Alamucha (also Alamutcha) is an unincorporated community in Lauderdale County, Mississippi, United States.

It is located 16 mi east of Meridian, and 3.5 mi west of the Alabama state line.

==History==
Alamucha originated as a Choctaw settlement, and was named for the nearby Alamuchee Creek.

Alamucha became one of the earliest non-native settlements in Lauderdale County.

A postal road was established from Marion, via Alamucha, to Gaston, Alabama in 1838, and a post office had been established in Alamucha by 1841.

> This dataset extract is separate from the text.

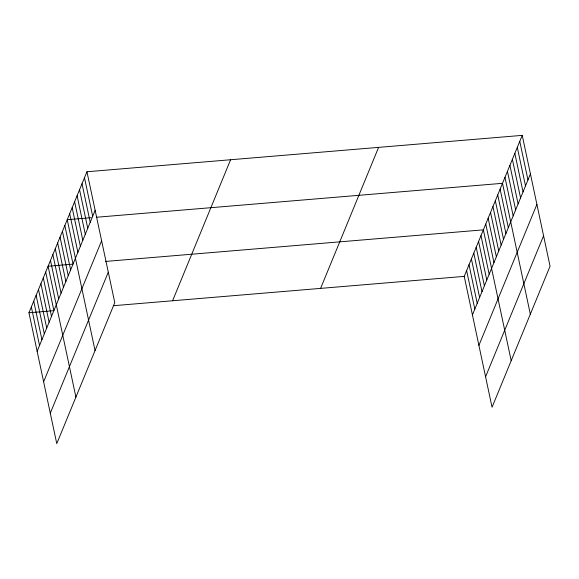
<?xml version="1.0" encoding="UTF-8"?>
<svg xmlns="http://www.w3.org/2000/svg" width="579" height="579" viewBox="0 0 579 579"><rect width="100%" height="100%" fill="white"/><g stroke="black" fill="none" stroke-linecap="round" stroke-linejoin="round"><path stroke-width="0.87" d="M86.951 171.753L114.765 302.622L56.764 443.637L28.95 312.769L86.951 171.753L522.236 135.363L550.05 266.231L492.049 407.247L464.235 276.378L522.236 135.363M37.143 351.323L95.144 210.315M43.62 381.785L101.622 240.77M50.293 413.174L108.295 272.159M172.593 300.762L230.594 159.746M320.592 288.385L378.594 147.377M472.428 314.94L530.429 173.924M478.905 345.395L536.907 204.387M485.571 376.784L543.572 235.769M91.171 217.697L67.229 219.702L95.05 350.563M96.302 217.27L502.514 183.311L530.328 314.173M72.028 264.234L48.093 266.231L75.907 397.1M105.378 261.447L483.371 229.849L511.192 360.71M28.95 312.769L52.892 310.771M113.6 305.69L464.235 276.378M519.768 141.356L527.961 179.917M517.3 147.348L525.5 185.91M514.84 153.348L523.032 191.902M512.372 159.341L520.572 197.895M509.911 165.333L518.104 203.888M507.443 171.326L515.636 209.88M504.975 177.319L513.175 215.873M500.118 189.13L508.319 227.685M497.73 194.942L505.923 233.503M495.334 200.761L503.527 239.315M492.946 206.58L501.139 245.134M490.551 212.392L498.743 250.953M488.155 218.211L496.355 256.772M485.767 224.03L493.959 262.584M480.983 235.66L489.175 274.222M478.587 241.479L486.78 280.033M476.191 247.298L484.391 285.852M473.803 253.11L481.996 291.671M471.407 258.929L479.607 297.483M469.019 264.748L477.212 303.302M466.623 270.567L474.823 309.121M84.483 177.746L92.683 216.307M82.023 183.738L90.215 222.3M79.555 189.731L87.755 228.292M77.094 195.724L85.287 234.285M74.626 201.724L82.819 240.278M72.158 207.716L80.358 246.27M69.697 213.709L77.89 252.263M64.841 225.513L73.034 264.075M62.445 231.332L70.638 269.894M60.057 237.151L68.25 275.705M57.661 242.97L65.854 281.524M55.266 248.782L63.466 287.343M52.877 254.601L61.07 293.155M50.482 260.42L58.682 298.974M45.698 272.05L53.89 310.605M43.302 277.869L51.502 316.423M40.914 283.688L49.106 322.242M38.518 289.5L46.718 328.061M36.13 295.319L44.322 333.873M33.734 301.138L41.934 339.692M31.346 306.95L39.538 345.511"/></g></svg>

Lodge No. 130 of the Grand Masonic Lodge of Mississippi was established in Alamucha in 1850.

===Civil War===
In 1861, local plantation owner Peter H. Bozeman recruited men to serve in "The Alamucha Infantry", of which Bozeman was captain. Volunteers from Clarke, Lauderdale, Newton and Tippah counties joined the Alamucha Infantry (Company E), which was attached to the 13th Infantry. John J. McElroy, a merchant from Alamucha, enlisted in Bozeman's Company in May 1861, and the following month participated in the Battle of First Manassas. Later in the war, Leonidas Polk, a general in the Confederate States Army, temporarily evacuated his troops to a location near Alamucha.

==Decline==
Alamucha began to decline during 1850s and 1860s as railroads were constructed through neighboring communities.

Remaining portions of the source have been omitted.